Up
your press-up
The humble press-up is the
muscle-builder’s best friend and should be the ballast of every man’s
body-weight routine. Without continual change-ups, however, even this most
reliable of full-body moves can become tedious and ineffective. Luckily, as
well as being one of the most accessible and useful exercises around, the
press-up also boasts more variations than David James’ barnet. PT Scott H.
Mendelson (completegymsnutrition.com) shows you how to
gradually progress your press-ups through ever-more taxing techniques to build
truly world-beating strength.
Level
one: Knees on the floor press-ups
Those who can cheerfully piston
their way through 50 floor kisses should skip through to level three or four,
but if, for whatever reason, you haven’t been dropping down and busting
out 10 of your best as frequently as possible, giving your knees a few scuffs
might be advised. “Make sure your hands are two-to-four inches wider than
shoulder-width apart and your finger tips are even with the top of your
shoulders,” says Mendelson. The closer your knees are to your waist, the easier
the press-up will be, so adjust according to your ability.
Big Boss Complete 20 reps with your knees on the floor at the
distance from your hips they would be if you were performing a standard
press-up.
Level
two: Standard press-ups
“The standard press-up works the
chest more than the triceps due to a wide hand width,” explains Mendelson. If
you’re keener to build your arms than your pecs, he suggests keeping your hands
at around shoulder-width. Descend over two seconds with no pause as your chest
almost touches the floor, and then push back explosively to the starting position.
“Make sure your hips do not sag towards the floor,” adds Mendelson. “Your body
should remain in a straight line throughout the movement.”
Big Boss Execute 20 reps with perfect form.
Level
three: Wide arm press-ups
Moving your hands out to three or
four inches wider than shoulder-width will recruit more chest musculature due
to leverage disadvantages. “Lower yourself over a four-second count with a
one-second pause at the bottom of the movement – when your chest is one inch
from the floor. Then push explosively up to the start position."
Big Boss To level up, complete 10 reps with perfect form.
Level
four: Finger tip press-ups
Finger tip press-ups are not only
great for hand strength – crucial for anyone who wants to lift
big – but they also increase the distance your torso can travel
by a couple inches due to the elevated hand position.

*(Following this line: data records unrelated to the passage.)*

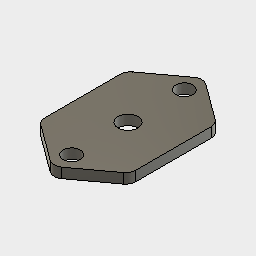
Bolt_Guide_Plate (Autodesk Fusion 360 design; units mm, degrees)
Autodesk Fusion 360 part; units mm, degrees
sketch "Plate" plane through (0, 0, 0) normal (0, 1, 0) x (1, 0, 0) in component "Plate"
  line L0 (0, 0) -> (-22.8, 0)
  line L1 (-22.8, 0) -> (-22.8, 21.5)
  line L2 (-22.8, 21.5) -> (0, 38.25)
  line L3 (0, -20) -> (0, -2.5)
  line L4 (2.5, 0) -> (20, 0)
  line L5 (22.8, 21.5) -> (0, 38.25)
  line L6 (22.8, 0) -> (22.8, 21.5)
  line L7 (0, 0) -> (22.8, 0)
  point P0 (0, 38.25)
  dimension "d2" = 22.8
  dimension "d41" = 21.5
  dimension "d42" = 38.25
  dimension "d83" = 0
  dimension "d84" = 0
  dimension "d85" = 0
  dimension "d86" = 0
  measures "d2" distance of L0.start L0.end
  measures "d41" distance of L0 L1.end
  measures "d42" distance of P0 L0.start
extrude "Extrude1" add sketch "Plate" along normal blind 5 makes body 1 in component "Plate"
fillet "Fillet3" radius 5 1 edges at (0, 2.5, -38.25) on bodies 1 in component "Plate"
fillet "Fillet4" radius 5 1 edges at (-22.8, 2.5, -21.5) on bodies 1 in component "Plate"
fillet "Fillet5" radius 5 1 edges at (22.8, 2.5, -21.5) on bodies 1 in component "Plate"
hole "Hole1" at (0, 5, -28.25) direction (0, -1, 0) diameter 8.5 end through all bodies 1 in component "Plate"
mirror "Mirror1" about plane through (0, 0, 0) normal (0, 0, 1) of bodies 1 makes body 2 in component "Plate"
combine "Combine1" operation add target body 1 tool bodies 2 in component "Plate"
hole "Hole1'" at (0, 5, 0) direction (0, -1, 0) diameter 10 end through all bodies 1 in component "Plate"
component "Plate" placed x (1, 0, 0) y (0, 1, 0) z (0, 0, 1) at (0, 0, 0)
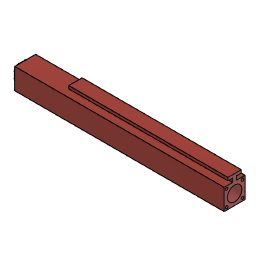
EM2022 Inženýr-ploter (Autodesk Fusion 360 archive; units mm, degrees)
design "EM_22_Plotter_arm_fixa_holder_v7"
Autodesk Fusion 360 part; units mm, degrees
sketch "Sketch7" plane through (0, 0, 0) normal (0, 1, 0) x (1, 0, 0)
sketch "Sketch8" plane through (0, 0, 0) normal (1, 0, 0) x (0, 1, 0)
  circle A0 centre (0, 0) radius 4.6
  line L0 (0, 0) -> (6.5079, 0)
  line L1 (0, 0) -> (0, 4.6)
  line L2 (0, 4.6) -> (0, 6.6)
  line L3 (0, 6.6) -> (6.5777, 6.6)
  line L4 (0, 0) -> (-4.6, 0)
  line L5 (-4.6, 0) -> (-6.6, 0)
  line L6 (0, 0) -> (0, -4.6)
  line L7 (0, -4.6) -> (0, -6.6)
  line L8 (0, -6.6) -> (-6.5261, -6.6)
  line L9 (6.5777, 6.6) -> (-6.5261, 6.6)
  line L10 (-6.5261, -6.6) -> (6.5079, -6.6)
  line L11 (4.6, 0) -> (6.6, 0)
  line L12 (6.6, 0) -> (6.5777, 6.6)
  line L13 (6.5079, 0) -> (6.5079, -6.6)
  line L14 (-6.6, 0) -> (-6.6, -6.5001)
  line L15 (-6.6, 0) -> (-6.6, 6.5001)
  line L16 (0, -6.6) -> (-6.6, -6.6)
  line L17 (-6.6, -6.6) -> (-6.6, -6.4)
  line L18 (-6.5261, 6.6) -> (-6.6, 6.6)
  line L19 (-6.6, 6.6) -> (-6.6, 6.4)
  dimension "d1" = 9.2
  dimension "d2" = 2
  dimension "d3" = 2
  dimension "d4" = 2
  dimension "d5" = 2
  constraint coincident A0.centre L0.start
  constraint horizontal L0
  constraint coincident A0 L1.end
  constraint perpendicular L0 L1
  constraint parallel L1 L2
  constraint perpendicular L2 L3
  constraint coincident A0 L4.end
  constraint perpendicular L1 L4
  constraint parallel L4 L5
  constraint coincident A0 L6.end
  constraint perpendicular L0 L6
  constraint perpendicular L0 L7
  constraint perpendicular L7 L8
  constraint horizontal L9
  constraint horizontal L10
  constraint coincident L0 L11.start
  constraint coincident A0 L11.start
  constraint parallel L0 L11
  constraint perpendicular L10 L13
  constraint vertical L14
  constraint vertical L15
  constraint perpendicular L14 L16
  constraint coincident L14 L17.end
  constraint perpendicular L16 L17
  constraint perpendicular L15 L18
  constraint coincident L15 L19.end
  constraint perpendicular L18 L19
  measures "d1" diameter of A0
  measures "d2" distance of L1.end L2.end
  measures "d3" distance of L4.end L5.end
  measures "d4" distance of L6.end L7.end
  measures "d5" distance of L11.start L11.end
extrude "Extrude1" add sketch "Sketch8" along normal blind 130 contours A0 L0 L7 L10 L11 L13 | A0 L0 L2 L3 L9 L11 L12 | A0 L2 L5 L9 L15 L18 L19 | A0 L5 L7 L8 L10 L14 L16 L17 makes body 1
extrude "Extrude2" add 1 faces at (86.6667, 6.5079, -2.2) along direction (0, 1, 0) blind 0.104 on bodies 1 bodies 1
sketch "Sketch9" plane through (0, 0, 0) normal (-1, 0, 0) x (0, -1, 0)
  circle A0 centre (0, 0) radius 4.6
  line L0 (-6.6, 0) -> (-6.6119, 0)
  line L1 (-6.6119, 0) -> (-6.6119, -6.6)
  line L2 (-6.6119, -6.6) -> (6.6, -6.6)
  line L3 (6.6, -6.6) -> (6.6, 6.6)
  line L4 (6.6, 6.6) -> (-6.5777, 6.6)
  line L5 (-6.5777, 6.6) -> (-6.6, 0)
  circle A1 centre (0, 0) radius 2.75
  line L6 (5, 5) -> (-5, 5)
  line L7 (-5, 5) -> (-5, -5)
  line L8 (-5, -5) -> (5, -5)
  line L9 (5, -5) -> (5, 5)
  dimension "d10" = 5.5
  constraint coincident A0.centre A1.centre
  constraint horizontal L6
  constraint vertical L7
  constraint horizontal L8
  constraint vertical L9
  measures "d10" diameter of A1
extrude "Extrude3" add sketch "Sketch9" along normal blind 4 and the other way blind 0 draft 5 contours A0 | L6 L7 L8 L9 bodies 1
extrude "Extrude4" add 1 faces at (0, 5.5333, 0) along direction (-1, 0, 0) blind 2 on bodies 1 bodies 1
fillet "Fillet1" radius 3 4 edges at (-3, -5, -5) (-3, 5, -5) (-3, -5, 5) (-3, 5, 5) on bodies 1
extrude "Extrude5" cut 1 faces at (42, 6.6119, -4.4) along direction (0, -1, 0) blind 0.002 on bodies 1 bodies 1
fillet "Fillet2" radius 0.6 8 edges at (-4, 4.1213, -4.1213) (-4, 0, -5) (-4, -4.1213, -4.1213) (-4, -5, 0) (-4, -4.1213, 4.1213) (-4, 0, 5) (-4, 4.1213, 4.1213) (-4, 5, 0) on bodies 1
fillet "Fillet3" radius 0.4 8 edges at (-2, -5, 0) (-2, -4.1213, 4.1213) (-2, 0, 5) (-2, 4.1213, 4.1213) (-2, 5, 0) (-2, 4.1213, -4.1213) (-2, 0, -5) (-2, -4.1213, -4.1213) on bodies 1
fillet "Fillet4" radius 0.4 3 edges at (-2, -6.6, 0) (-2, -0.0112, 6.6) (-2, 0.005, -6.6) on bodies 1
sketch "Sketch10" plane through (130, 0, 0) normal (1, 0, 0) x (0, 1, 0)
  line L0 (6.6099, -6.6) -> (6.6099, 0)
  line L1 (6.6099, 0) -> (6.6, 0)
  line L2 (6.6, 0) -> (6.5777, 6.6)
  line L3 (6.5777, 6.6) -> (-6.6, 6.6)
  line L4 (-6.6, 6.6) -> (-6.6, -6.6)
  line L5 (-6.6, -6.6) -> (6.6099, -6.6)
  circle A0 centre (0, 0) radius 4.6
extrude "Extrude6" add sketch "Sketch10" along normal blind 28 separate body makes body 2
sketch "Sketch11" plane through (158, 0, 0) normal (1, 0, 0) x (0, 1, 0)
  circle A0 centre (0, 0) radius 4.6
  line L0 (-6.6, -6.6) -> (6.6099, -6.6)
  line L1 (6.6099, -6.6) -> (6.6099, 0)
  line L2 (6.6099, 0) -> (6.6, 0)
  line L3 (6.6, 0) -> (6.5777, 6.6)
  line L4 (6.5777, 6.6) -> (-6.6, 6.6)
  line L5 (-6.6, 6.6) -> (-6.6, -6.6)
  line L6 (5, 5) -> (-5, 5)
  line L7 (-5, 5) -> (-5, -5)
  line L8 (-5, -5) -> (5, -5)
  line L9 (5, -5) -> (5, 5)
  constraint horizontal L6
  constraint vertical L7
  constraint horizontal L8
  constraint vertical L9
extrude "Extrude7" add sketch "Sketch11" along normal blind 2 and the other way blind 1.5 contours A0 | L6 L7 L8 L9 bodies 2
sketch "Sketch12" plane through (156.5, 0, 0) normal (-1, 0, 0) x (0, -1, 0)
  circle A0 centre (0, 0) radius 4.6
  circle A1 centre (0, 0) radius 2.5
  dimension "d33" = 5
  constraint coincident A0.centre A1.centre
  measures "d33" diameter of A1
extrude "Extrude8" add sketch "Sketch12" along normal blind 26.5 bodies 2
sketch "Sketch13" plane through (130, 0, 0) normal (-1, 0, 0) x (0, -1, 0)
  circle A0 centre (0, 0) radius 2.5
  line L0 (-6.6099, -6.6) -> (6.6, -6.6)
  line L1 (6.6, -6.6) -> (6.6, 6.6)
  line L2 (6.6, 6.6) -> (-6.5777, 6.6)
  line L3 (-6.5777, 6.6) -> (-6.6, 0)
  line L4 (-6.6, 0) -> (-6.6099, 0)
  line L5 (-6.6099, 0) -> (-6.6099, -6.6)
  line L6 (-4, -4) -> (4, -4)
  line L7 (4, -4) -> (4, 4)
  line L8 (4, 4) -> (-4, 4)
  line L9 (-4, 4) -> (-4, -4)
  constraint horizontal L6
  constraint vertical L7
  constraint horizontal L8
  constraint vertical L9
extrude "Extrude9" cut sketch "Sketch13" against normal blind 34 contours L0 L1 L2 L3 L4 L5 bodies 2
sketch "Sketch14" plane through (160, 0, 0) normal (1, 0, 0) x (0, 1, 0)
  line L0 (4, 4) -> (-4, 4)
  line L1 (-4, 4) -> (-4, -4)
  line L2 (-4, -4) -> (4, -4)
  line L3 (4, -4) -> (4, 4)
  line L4 (3, 3) -> (-3, 3)
  line L5 (-3, 3) -> (-3, -3)
  line L6 (-3, -3) -> (3, -3)
  line L7 (3, -3) -> (3, 3)
  constraint horizontal L4
  constraint vertical L5
  constraint horizontal L6
  constraint vertical L7
extrude "Extrude10" add sketch "Sketch14" along normal blind 1 contours L4 L5 L6 L7 bodies 2
sketch "Sketch15" plane through (130, 0, 0) normal (-1, 0, 0) x (0, -1, 0)
  line L0 (4, 4) -> (-4, 4)
  line L1 (-4, 4) -> (-4, -4)
  line L2 (-4, -4) -> (4, -4)
  line L3 (4, -4) -> (4, 4)
  circle A0 centre (0, 0) radius 2.5
  line L4 (5, 5) -> (-5, 5)
  line L5 (-5, 5) -> (-5, -5)
  line L6 (-5, -5) -> (5, -5)
  line L7 (5, -5) -> (5, 5)
  constraint horizontal L4
  constraint vertical L5
  constraint horizontal L6
  constraint vertical L7
extrude "Extrude11" add sketch "Sketch15" against normal blind 30 contours L4 L5 L6 L7 bodies 2
sketch "Sketch16" plane through (130, 0, 0) normal (1, 0, 0) x (0, 1, 0)
  line L0 (6.6099, -6.6) -> (6.6099, 0)
  line L1 (6.6099, 0) -> (6.6, 0)
  line L2 (6.6, 0) -> (6.5777, 6.6)
  line L3 (6.5777, 6.6) -> (-6.6, 6.6)
  line L4 (-6.6, 6.6) -> (-6.6, -6.6)
  line L5 (-6.6, -6.6) -> (6.6099, -6.6)
  circle A0 centre (0, 0) radius 4.6
  circle A1 centre (5, 5) radius 0.85
  circle A2 centre (-5, 5) radius 0.85
  circle A3 centre (5, -5) radius 0.85
  circle A4 centre (-5, -5) radius 0.85
  dimension "d42" = 1.7
  dimension "d43" = 1.7
  dimension "d44" = 1.7
  dimension "d45" = 1.7
  measures "d42" diameter of A1
  measures "d43" diameter of A2
  measures "d44" diameter of A3
  measures "d45" diameter of A4
extrude "Extrude12" cut sketch "Sketch16" against normal blind 7 contours A1 | A2 | A3 | A4 bodies 1
sketch "Sketch17" plane through (160, 0, 0) normal (1, 0, 0) x (0, 1, 0)
  line L0 (-5, 5) -> (-5, -5)
  line L1 (-5, -5) -> (5, -5)
  line L2 (5, -5) -> (5, 5)
  line L3 (5, 5) -> (-5, 5)
  line L4 (3, -3) -> (-3, -3)
  line L5 (-3, -3) -> (-3, 3)
  line L6 (-3, 3) -> (3, 3)
  line L7 (3, 3) -> (3, -3)
  circle A0 centre (5, 5) radius 0.85
  circle A1 centre (-5, 5) radius 0.85
  circle A2 centre (-5, -5) radius 0.85
  circle A3 centre (5, -5) radius 0.85
  circle A4 centre (5, -5) radius 1.6
  circle A5 centre (5, 5) radius 1.6
  circle A6 centre (-5, 5) radius 1.6
  circle A7 centre (-5, -5) radius 1.6
  dimension "d48" = 1.7
  dimension "d49" = 1.7
  dimension "d50" = 1.7
  dimension "d51" = 1.7
  constraint coincident L2.end L3.start
  constraint coincident L0.start L3.end
  constraint coincident L0.end L1.start
  constraint coincident L1.end L2.start
  constraint concentric A3 A4
  constraint concentric A1 A6
  constraint concentric A2 A7
  measures "d48" diameter of A0
  measures "d49" diameter of A1
  measures "d50" diameter of A2
  measures "d51" diameter of A3
extrude "Extrude13" add sketch "Sketch17" along normal blind -30 and the other way blind 27 contours L0 L3 A1 A6 | L0 L1 A2 A7 | L2 L3 A0 A5 | L1 L2 A3 A4 picked at (-6.3454, 4.9461) picked at (-3.6588, -5.1198) picked at (3.9607, 5.8559) picked at (3.656, -5.0795) bodies 2
sketch "Sketch18" plane through (0, 0, 0) normal (0, 0, 1) x (1, 0, 0)
sketch "Sketch19" plane through (130, 0, 0) normal (-1, 0, 0) x (0, -1, 0)
  line L0 (-4.15, 5) -> (-5, 5)
  line L1 (-5, 5) -> (-5, 4.15)
  arc A0 (-4.15, 5) -> (-5, 4.15) centre (-5, 5) ccw
  arc A1 (-3.4, 5) -> (-5, 3.4) centre (-5, 5) ccw
  line L2 (-5, 3.4) -> (-5, -3.4)
  arc A2 (-5, -3.4) -> (-3.4, -5) centre (-5, -5) ccw
  line L3 (-3.4, -5) -> (3.4, -5)
  arc A3 (3.4, -5) -> (5, -3.4) centre (5, -5) ccw
  line L4 (5, -3.4) -> (5, 3.4)
  arc A4 (5, 3.4) -> (3.4, 5) centre (5, 5) ccw
  line L5 (3.4, 5) -> (-3.4, 5)
  line L6 (-5, -4.15) -> (-5, -5)
  line L7 (-5, -5) -> (-4.15, -5)
  arc A5 (-5, -4.15) -> (-4.15, -5) centre (-5, -5) ccw
  arc A6 (4.15, -5) -> (5, -4.15) centre (5, -5) ccw
  line L8 (4.15, -5) -> (5, -5)
  line L9 (5, -5) -> (5, -4.15)
  arc A7 (5, 4.15) -> (4.15, 5) centre (5, 5) ccw
  line L10 (5, 4.15) -> (5, 5)
  line L11 (5, 5) -> (4.15, 5)
  circle A8 centre (0, 0) radius 2.5
  circle A9 centre (-5, 5) radius 0.85
  circle A10 centre (-5, -5) radius 0.85
  circle A11 centre (5, 5) radius 0.85
  circle A12 centre (5, -5) radius 0.85
  constraint coincident L1.end A9
  constraint concentric A2 A10
  constraint coincident L6.start A10
  constraint concentric A4 A11
  constraint concentric A3 A12
extrude "Extrude14" cut sketch "Sketch19" against normal blind 34 contours L0 L1 A9 | L6 L7 A10 | L8 L9 A12 | L10 L11 A11 bodies 2
sketch "Sketch20" plane through (160, 0, 0) normal (1, 0, 0) x (0, 1, 0)
  line L0 (3, -3) -> (-3, -3)
  line L1 (-3, -3) -> (-3, 3)
  line L2 (-3, 3) -> (3, 3)
  line L3 (3, 3) -> (3, -3)
  arc A0 (-5, 4.15) -> (-4.15, 5) centre (-5, 5) ccw
  line L4 (-5, 4.15) -> (-5, -4.15)
  arc A1 (-4.15, -5) -> (-5, -4.15) centre (-5, -5) ccw
  line L5 (-4.15, -5) -> (4.15, -5)
  arc A2 (5, -4.15) -> (4.15, -5) centre (5, -5) ccw
  line L6 (5, -4.15) -> (5, 4.15)
  arc A3 (4.15, 5) -> (5, 4.15) centre (5, 5) ccw
  line L7 (4.15, 5) -> (-4.15, 5)
  circle A4 centre (5, -5) radius 2
  circle A5 centre (5, 5) radius 2
  circle A6 centre (-5, 5) radius 2
  circle A7 centre (-5, -5) radius 2
  line L8 (-5, 5) -> (-5, -5)
  line L9 (-5, -5) -> (5, -5)
  line L10 (5, -5) -> (5, 5)
  line L11 (5, 5) -> (-5, 5)
  dimension "d58" = 4
  dimension "d59" = 4
  dimension "d60" = 4
  dimension "d61" = 4
  constraint concentric A2 A4
  constraint concentric A3 A5
  constraint concentric A0 A6
  constraint concentric A1 A7
  constraint coincident A0.centre A6.centre
  constraint coincident A1.centre A7.centre
  constraint coincident A2.centre A4.centre
  constraint coincident A3.centre A5.centre
  measures "d58" diameter of A4
  measures "d59" diameter of A5
  measures "d60" diameter of A6
  measures "d61" diameter of A7
extrude "Extrude15" cut sketch "Sketch20" against normal blind 27 contours A0 L4 L7 A6 L8 L11 | L4 A1 L5 A7 L8 L9 | L6 A3 L7 A5 L10 L11 | L5 A2 L6 A4 L9 L10 bodies 2
sketch "Sketch21" plane through (130, 0, 0) normal (1, 0, 0) x (0, 1, 0)
  circle A0 centre (-5, -5) radius 0.85
  circle A1 centre (5, 5) radius 0.85
  circle A2 centre (5, -5) radius 0.85
  circle A3 centre (-5, 5) radius 0.85
  line L0 (6.6099, -6.6) -> (6.6099, 0)
  line L1 (6.6099, 0) -> (6.6, 0)
  line L2 (6.6, 0) -> (6.5777, 6.6)
  line L3 (6.5777, 6.6) -> (-6.6, 6.6)
  line L4 (-6.6, 6.6) -> (-6.6, -6.6)
  line L5 (-6.6, -6.6) -> (6.6099, -6.6)
  circle A4 centre (0, 0) radius 4.6
  line L6 (6.5777, 6.6) -> (2.5777, 6.5865)
  line L7 (-0.0112, 6.6) -> (1.1888, 6.6)
  line L8 (2.5777, 6.5865) -> (1.1888, 6.6)
  line L9 (-0.0112, 6.6) -> (-1.2112, 6.6)
  line L10 (-1.2112, 6.6) -> (-1.2112, 9)
  line L11 (1.1888, 6.6) -> (1.1888, 9)
  line L12 (1.1888, 9) -> (4.1888, 9)
  line L13 (-1.2112, 9) -> (-4.2112, 9)
  line L14 (-4.2112, 9) -> (-4.2112, 10.8)
  line L15 (-4.2112, 10.8) -> (5, 10.8)
  line L16 (4.1888, 9) -> (4.1888, 10.8)
  line L17 (-1.2112, 6.6) -> (1.1888, 6.6)
  line L18 (-1.2112, 6.6) -> (-6.6112, 6.6)
  dimension "d73" = 2.4
  dimension "d74" = 3
  dimension "d76" = 1.8
  dimension "d79" = 2.4
  dimension "d81" = 5.4
  constraint coincident L2.end L3.start
  constraint perpendicular L2 L6
  constraint parallel L3 L7
  constraint perpendicular L9 L10
  constraint perpendicular L11 L12
  constraint perpendicular L10 L13
  constraint perpendicular L13 L14
  constraint perpendicular L14 L15
  constraint coincident L15 L16.end
  constraint perpendicular L15 L16
  constraint perpendicular L10 L17
  constraint perpendicular L10 L18
  measures "d73" distance of L7.end L11.end
  measures "d74" distance of L11.end L12.end
  measures "d76" distance of L13.end L14.end
  measures "d79" distance of L9.end L7.end
  measures "d81" distance of L9.end L18.end
extrude "Extrude16" add sketch "Sketch21" against normal blind 100 contours L3 L7 L9 L10 L11 L12 L13 L14 L15 L16 L17 bodies 1
sketch "Sketch22" plane through (0, 0, 0) normal (0, 1, 0) x (1, 0, 0)
sketch "Sketch23" plane through (130, 0, 0) normal (1, 0, 0) x (0, 1, 0)
  circle A0 centre (-5, -5) radius 0.85
  circle A1 centre (5, 5) radius 0.85
  circle A2 centre (5, -5) radius 0.85
  circle A3 centre (-5, 5) radius 0.85
  line L0 (6.6099, -6.6) -> (6.6099, 0)
  line L1 (6.6099, 0) -> (6.6, 0)
  line L2 (6.6, 0) -> (6.5777, 6.6)
  line L3 (6.5777, 6.6) -> (1.1888, 6.6)
  line L4 (1.1888, 6.6) -> (1.1888, 9)
  line L5 (1.1888, 9) -> (4.1888, 9)
  line L6 (4.1888, 9) -> (4.1888, 10.8)
  line L7 (4.1888, 10.8) -> (-4.2112, 10.8)
  line L8 (-4.2112, 10.8) -> (-4.2112, 9)
  line L9 (-4.2112, 9) -> (-1.2112, 9)
  line L10 (-1.2112, 9) -> (-1.2112, 6.6)
  line L11 (-1.2112, 6.6) -> (-6.6, 6.6)
  line L12 (-6.6, 6.6) -> (-6.6, -6.6)
  line L13 (-6.6, -6.6) -> (6.6099, -6.6)
  circle A4 centre (0, 0) radius 4.6
hidden bodies 2

Big Boss “Your finger strength may give out long before your other
muscles, so build up to five reps with the finger tips using a rapid tempo.
Then hit 15 more press-ups using the standard hand position right away before
graduating to the next level,” says Mendelson.
Level
five: Clenched fist press-ups
“Clenching your fists on the ground,
preferably on a mat, reduces the stability of the exercise, adding a great deal
of challenge,” says Mendelson. Use a shoulder-width hand placement, descend
over three seconds, pause for a second, and take a second to push back up to
the start position.
Big Boss Hit 15 then, much like M People, move on up.
Level
six: Weight shift press-ups
The ultimate press-up would involve
using only one arm, but due to balance issues, learning the technique is as
painstaking as building up the strength. As such, Mendelson recommends a
modified version that incorporates changes in resistance as the set progresses:
“Aim to shift a large percentage of your body-weight to one side while in the
standard press-up position,” he explains. “As you lower (over three seconds,
ideally) concentrate on your right side taking on as much of the load as
possible.” Keep the pressure on the right side of your body as you raise yourself
back up to the top position, and then shift your body-weight to the left side
of your body. Over time you should be able to increase the load by piling an
ever-larger percentage of your body-weight onto each arm. “As your strength
levels improve you can try performing several consecutive reps on each side,”
says Mendelson.
Big Boss Complete 10 reps with perfect form on each side and you’ll
have progressed into an elite class of strength.